此代码有效,但必须有更快的方法..如何更改代码以获得更高的性能?
(def extensions [".mp3" ".wav" ".mp4" ".flac" ".aac"])
(defn valid? [file]
"returns true when the file is not a directory and ends in one of the specified extensions"
(and (not (.isDirectory file))
(some true? (map #(.endsWith (.getName file) %) extensions))))
(defn file->file+hash [file]
"returns a map of the filepath and the files md5"
{:hash (d/md5 file) :path (.getAbsolutePath file)})
(defn split [[x & more]]
{:unique (:path x) :other (vec (map :path more))})

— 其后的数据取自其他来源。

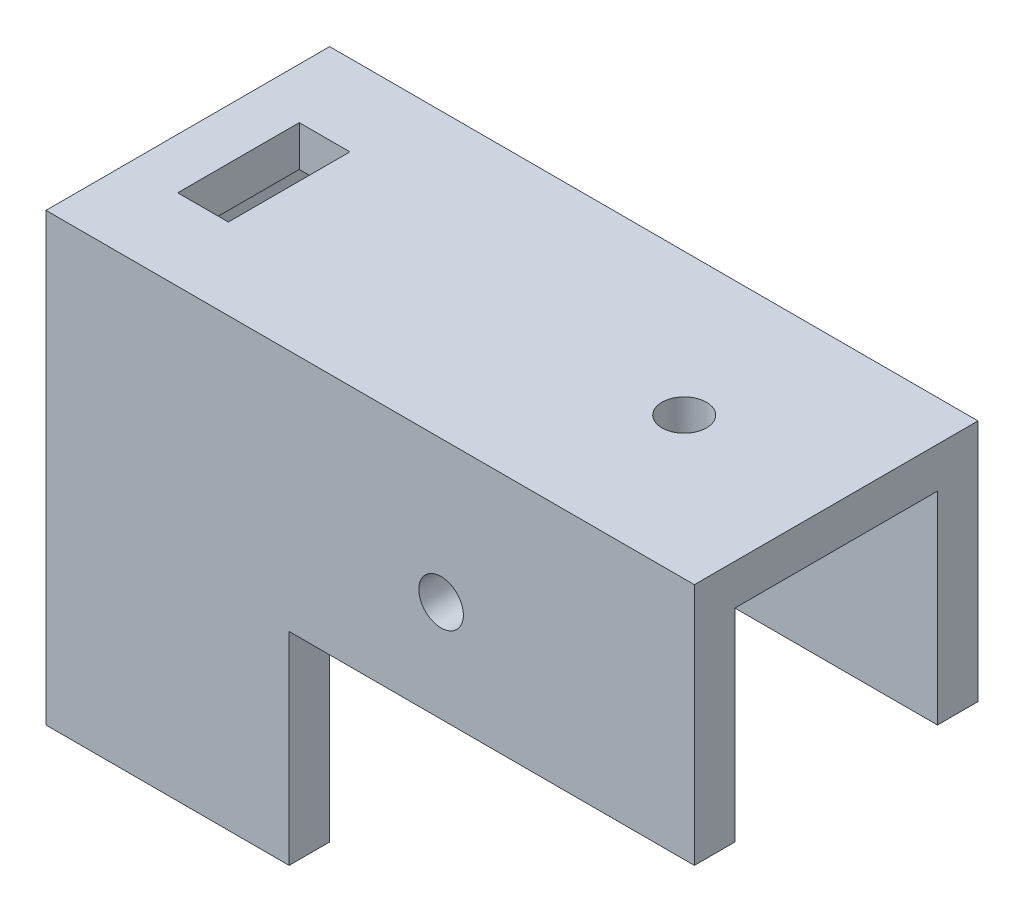
ISO-10303-21;
HEADER;
FILE_DESCRIPTION(('STEP AP214'),'2;1');
FILE_NAME('part.step','',(''),(''),'','','');
FILE_SCHEMA(('AUTOMOTIVE_DESIGN { 1 0 10303 214 1 1 1 1 }'));
ENDSEC;
DATA;
#1=APPLICATION_CONTEXT('core data for automotive mechanical design processes');
#2=APPLICATION_PROTOCOL_DEFINITION('international standard','automotive_design',2000,#1);
#3=PRODUCT_CONTEXT('',#1,'mechanical');
#4=PRODUCT('Part','Part','',(#3));
#5=PRODUCT_RELATED_PRODUCT_CATEGORY('part','',(#4));
#6=PRODUCT_DEFINITION_FORMATION('','',#4);
#7=PRODUCT_DEFINITION_CONTEXT('part definition',#1,'design');
#8=PRODUCT_DEFINITION('design','',#6,#7);
#9=PRODUCT_DEFINITION_SHAPE('','',#8);
#10=(LENGTH_UNIT() NAMED_UNIT(*) SI_UNIT(.MILLI.,.METRE.));
#11=(NAMED_UNIT(*) PLANE_ANGLE_UNIT() SI_UNIT($,.RADIAN.));
#12=(NAMED_UNIT(*) SI_UNIT($,.STERADIAN.) SOLID_ANGLE_UNIT());
#13=UNCERTAINTY_MEASURE_WITH_UNIT(LENGTH_MEASURE(1.E-05),#10,'distance_accuracy_value','');
#14=(GEOMETRIC_REPRESENTATION_CONTEXT(3) GLOBAL_UNCERTAINTY_ASSIGNED_CONTEXT((#13)) GLOBAL_UNIT_ASSIGNED_CONTEXT((#10,
#11,#12)) REPRESENTATION_CONTEXT('',''));
#15=CARTESIAN_POINT('',(0.,0.,0.));
#16=DIRECTION('',(0.,0.,1.));
#17=DIRECTION('',(1.,0.,0.));
#18=AXIS2_PLACEMENT_3D('',#15,#16,#17);
#19=CARTESIAN_POINT('',(24.,-24.,28.));
#20=DIRECTION('',(-1.,0.,0.));
#21=DIRECTION('',(0.,-1.,0.));
#22=AXIS2_PLACEMENT_3D('',#19,#20,#21);
#23=PLANE('',#22);
#24=DIRECTION('',(0.,0.,-1.));
#25=VECTOR('',#24,1.);
#26=CARTESIAN_POINT('',(24.,-24.,28.));
#27=LINE('',#26,#25);
#28=CARTESIAN_POINT('',(24.,-24.,4.));
#29=VERTEX_POINT('',#28);
#30=CARTESIAN_POINT('',(24.,-24.,0.));
#31=VERTEX_POINT('',#30);
#32=EDGE_CURVE('E523',#29,#31,#27,.T.);
#33=ORIENTED_EDGE('',*,*,#32,.F.);
#34=DIRECTION('',(0.,-1.,0.));
#35=VECTOR('',#34,1.);
#36=CARTESIAN_POINT('',(24.,28.2842712474619,4.));
#37=LINE('',#36,#35);
#38=CARTESIAN_POINT('',(24.,-44.,4.));
#39=VERTEX_POINT('',#38);
#40=EDGE_CURVE('E439',#29,#39,#37,.T.);
#41=ORIENTED_EDGE('',*,*,#40,.T.);
#42=DIRECTION('',(0.,0.,-1.));
#43=VECTOR('',#42,1.);
#44=CARTESIAN_POINT('',(24.,-44.,28.));
#45=LINE('',#44,#43);
#46=CARTESIAN_POINT('',(24.,-44.,0.));
#47=VERTEX_POINT('',#46);
#48=EDGE_CURVE('E528',#39,#47,#45,.T.);
#49=ORIENTED_EDGE('',*,*,#48,.T.);
#50=DIRECTION('',(0.,1.,0.));
#51=VECTOR('',#50,1.);
#52=CARTESIAN_POINT('',(24.,-24.,0.));
#53=LINE('',#52,#51);
#54=EDGE_CURVE('E503',#47,#31,#53,.T.);
#55=ORIENTED_EDGE('',*,*,#54,.T.);
#56=EDGE_LOOP('',(#33,#41,#49,#55));
#57=FACE_BOUND('',#56,.T.);
#58=ADVANCED_FACE('F42',(#57),#23,.F.);
#59=CARTESIAN_POINT('',(0.,-44.,28.));
#60=DIRECTION('',(1.,0.,0.));
#61=DIRECTION('',(0.,0.,-1.));
#62=AXIS2_PLACEMENT_3D('',#59,#60,#61);
#63=PLANE('',#62);
#64=CARTESIAN_POINT('',(0.,-15.5,14.));
#65=DIRECTION('',(-1.,0.,0.));
#66=DIRECTION('',(0.,0.,1.));
#67=AXIS2_PLACEMENT_3D('',#64,#65,#66);
#68=CIRCLE('',#67,2.19999999999999);
#69=CARTESIAN_POINT('',(0.,-15.5,16.2));
#70=VERTEX_POINT('',#69);
#71=EDGE_CURVE('E312',#70,#70,#68,.T.);
#72=ORIENTED_EDGE('',*,*,#71,.F.);
#73=EDGE_LOOP('',(#72));
#74=FACE_BOUND('',#73,.T.);
#75=CARTESIAN_POINT('',(0.,-30.5,14.));
#76=DIRECTION('',(-1.,0.,0.));
#77=DIRECTION('',(0.,0.,1.));
#78=AXIS2_PLACEMENT_3D('',#75,#76,#77);
#79=CIRCLE('',#78,2.19999999999999);
#80=CARTESIAN_POINT('',(0.,-30.5,16.2));
#81=VERTEX_POINT('',#80);
#82=EDGE_CURVE('E320',#81,#81,#79,.T.);
#83=ORIENTED_EDGE('',*,*,#82,.F.);
#84=EDGE_LOOP('',(#83));
#85=FACE_BOUND('',#84,.T.);
#86=DIRECTION('',(0.,-1.,0.));
#87=VECTOR('',#86,1.);
#88=CARTESIAN_POINT('',(0.,-44.,0.));
#89=LINE('',#88,#87);
#90=CARTESIAN_POINT('',(0.,0.,0.));
#91=VERTEX_POINT('',#90);
#92=CARTESIAN_POINT('',(0.,-44.,0.));
#93=VERTEX_POINT('',#92);
#94=EDGE_CURVE('E476',#91,#93,#89,.T.);
#95=ORIENTED_EDGE('',*,*,#94,.T.);
#96=DIRECTION('',(0.,0.,-1.));
#97=VECTOR('',#96,1.);
#98=CARTESIAN_POINT('',(0.,-44.,28.));
#99=LINE('',#98,#97);
#100=CARTESIAN_POINT('',(0.,-44.,28.));
#101=VERTEX_POINT('',#100);
#102=EDGE_CURVE('E534',#101,#93,#99,.T.);
#103=ORIENTED_EDGE('',*,*,#102,.F.);
#104=DIRECTION('',(0.,-1.,0.));
#105=VECTOR('',#104,1.);
#106=CARTESIAN_POINT('',(0.,-44.,28.));
#107=LINE('',#106,#105);
#108=CARTESIAN_POINT('',(0.,0.,28.));
#109=VERTEX_POINT('',#108);
#110=EDGE_CURVE('E477',#109,#101,#107,.T.);
#111=ORIENTED_EDGE('',*,*,#110,.F.);
#112=DIRECTION('',(0.,0.,-1.));
#113=VECTOR('',#112,1.);
#114=CARTESIAN_POINT('',(0.,0.,28.));
#115=LINE('',#114,#113);
#116=EDGE_CURVE('E495',#109,#91,#115,.T.);
#117=ORIENTED_EDGE('',*,*,#116,.T.);
#118=EDGE_LOOP('',(#95,#103,#111,#117));
#119=FACE_BOUND('',#118,.T.);
#120=ADVANCED_FACE('F44',(#74,#85,#119),#63,.F.);
#121=CARTESIAN_POINT('',(24.,-44.,28.));
#122=DIRECTION('',(0.,1.,0.));
#123=DIRECTION('',(0.,0.,1.));
#124=AXIS2_PLACEMENT_3D('',#121,#122,#123);
#125=PLANE('',#124);
#126=ORIENTED_EDGE('',*,*,#48,.F.);
#127=DIRECTION('',(1.,0.,0.));
#128=VECTOR('',#127,1.);
#129=CARTESIAN_POINT('',(17.,-44.,4.));
#130=LINE('',#129,#128);
#131=CARTESIAN_POINT('',(17.,-44.,4.));
#132=VERTEX_POINT('',#131);
#133=EDGE_CURVE('E433',#132,#39,#130,.T.);
#134=ORIENTED_EDGE('',*,*,#133,.F.);
#135=DIRECTION('',(0.,0.,-1.));
#136=VECTOR('',#135,1.);
#137=CARTESIAN_POINT('',(17.,-44.,6.5));
#138=LINE('',#137,#136);
#139=CARTESIAN_POINT('',(17.,-44.,6.5));
#140=VERTEX_POINT('',#139);
#141=EDGE_CURVE('E429',#140,#132,#138,.T.);
#142=ORIENTED_EDGE('',*,*,#141,.F.);
#143=DIRECTION('',(1.,0.,0.));
#144=VECTOR('',#143,1.);
#145=CARTESIAN_POINT('',(11.,-44.,6.5));
#146=LINE('',#145,#144);
#147=CARTESIAN_POINT('',(11.,-44.,6.5));
#148=VERTEX_POINT('',#147);
#149=EDGE_CURVE('E425',#148,#140,#146,.T.);
#150=ORIENTED_EDGE('',*,*,#149,.F.);
#151=DIRECTION('',(0.,0.,1.));
#152=VECTOR('',#151,1.);
#153=CARTESIAN_POINT('',(11.,-44.,4.));
#154=LINE('',#153,#152);
#155=CARTESIAN_POINT('',(11.,-44.,4.));
#156=VERTEX_POINT('',#155);
#157=EDGE_CURVE('E421',#156,#148,#154,.T.);
#158=ORIENTED_EDGE('',*,*,#157,.F.);
#159=DIRECTION('',(1.,0.,0.));
#160=VECTOR('',#159,1.);
#161=CARTESIAN_POINT('',(4.,-44.,4.));
#162=LINE('',#161,#160);
#163=CARTESIAN_POINT('',(4.,-44.,4.));
#164=VERTEX_POINT('',#163);
#165=EDGE_CURVE('E417',#164,#156,#162,.T.);
#166=ORIENTED_EDGE('',*,*,#165,.F.);
#167=DIRECTION('',(0.,0.,-1.));
#168=VECTOR('',#167,1.);
#169=CARTESIAN_POINT('',(4.,-44.,24.));
#170=LINE('',#169,#168);
#171=CARTESIAN_POINT('',(4.,-44.,24.));
#172=VERTEX_POINT('',#171);
#173=EDGE_CURVE('E413',#172,#164,#170,.T.);
#174=ORIENTED_EDGE('',*,*,#173,.F.);
#175=DIRECTION('',(-1.,0.,0.));
#176=VECTOR('',#175,1.);
#177=CARTESIAN_POINT('',(11.,-44.,24.));
#178=LINE('',#177,#176);
#179=CARTESIAN_POINT('',(11.,-44.,24.));
#180=VERTEX_POINT('',#179);
#181=EDGE_CURVE('E409',#180,#172,#178,.T.);
#182=ORIENTED_EDGE('',*,*,#181,.F.);
#183=DIRECTION('',(0.,0.,1.));
#184=VECTOR('',#183,1.);
#185=CARTESIAN_POINT('',(11.,-44.,21.5));
#186=LINE('',#185,#184);
#187=CARTESIAN_POINT('',(11.,-44.,21.5));
#188=VERTEX_POINT('',#187);
#189=EDGE_CURVE('E405',#188,#180,#186,.T.);
#190=ORIENTED_EDGE('',*,*,#189,.F.);
#191=DIRECTION('',(-1.,0.,0.));
#192=VECTOR('',#191,1.);
#193=CARTESIAN_POINT('',(17.,-44.,21.5));
#194=LINE('',#193,#192);
#195=CARTESIAN_POINT('',(17.,-44.,21.5));
#196=VERTEX_POINT('',#195);
#197=EDGE_CURVE('E401',#196,#188,#194,.T.);
#198=ORIENTED_EDGE('',*,*,#197,.F.);
#199=DIRECTION('',(0.,0.,-1.));
#200=VECTOR('',#199,1.);
#201=CARTESIAN_POINT('',(17.,-44.,24.));
#202=LINE('',#201,#200);
#203=CARTESIAN_POINT('',(17.,-44.,24.));
#204=VERTEX_POINT('',#203);
#205=EDGE_CURVE('E397',#204,#196,#202,.T.);
#206=ORIENTED_EDGE('',*,*,#205,.F.);
#207=DIRECTION('',(-1.,0.,0.));
#208=VECTOR('',#207,1.);
#209=CARTESIAN_POINT('',(24.,-44.,24.));
#210=LINE('',#209,#208);
#211=CARTESIAN_POINT('',(24.,-44.,24.));
#212=VERTEX_POINT('',#211);
#213=EDGE_CURVE('E359',#212,#204,#210,.T.);
#214=ORIENTED_EDGE('',*,*,#213,.F.);
#215=CARTESIAN_POINT('',(24.,-44.,28.));
#216=VERTEX_POINT('',#215);
#217=EDGE_CURVE('E530',#216,#212,#45,.T.);
#218=ORIENTED_EDGE('',*,*,#217,.F.);
#219=DIRECTION('',(1.,0.,0.));
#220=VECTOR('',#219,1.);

(defn get-dictionary [file-directory]
"returns a map of maps, each of which contain a ':unique' file and a vector of ':other' files"
(let [files (filter valid? (file-seq (f/file file-directory)))]
(map split (vals (group-by :hash (pmap file->file+hash files))))))
(def location "/home/matt/Music/Playlists")
(prn (str "Files: " (count (file-seq (f/file location)))))
(time (get-dictionary location))
"Files: 2919"
"Elapsed time: 45948.444212 msecs"
答案 0 :(得分:1)
您可以尝试对已知的内容进行初始比较,例如filesize,而不是hash。如果您希望大多数文件都是唯一的,这可以节省大量时间来计算所有文件的哈希值。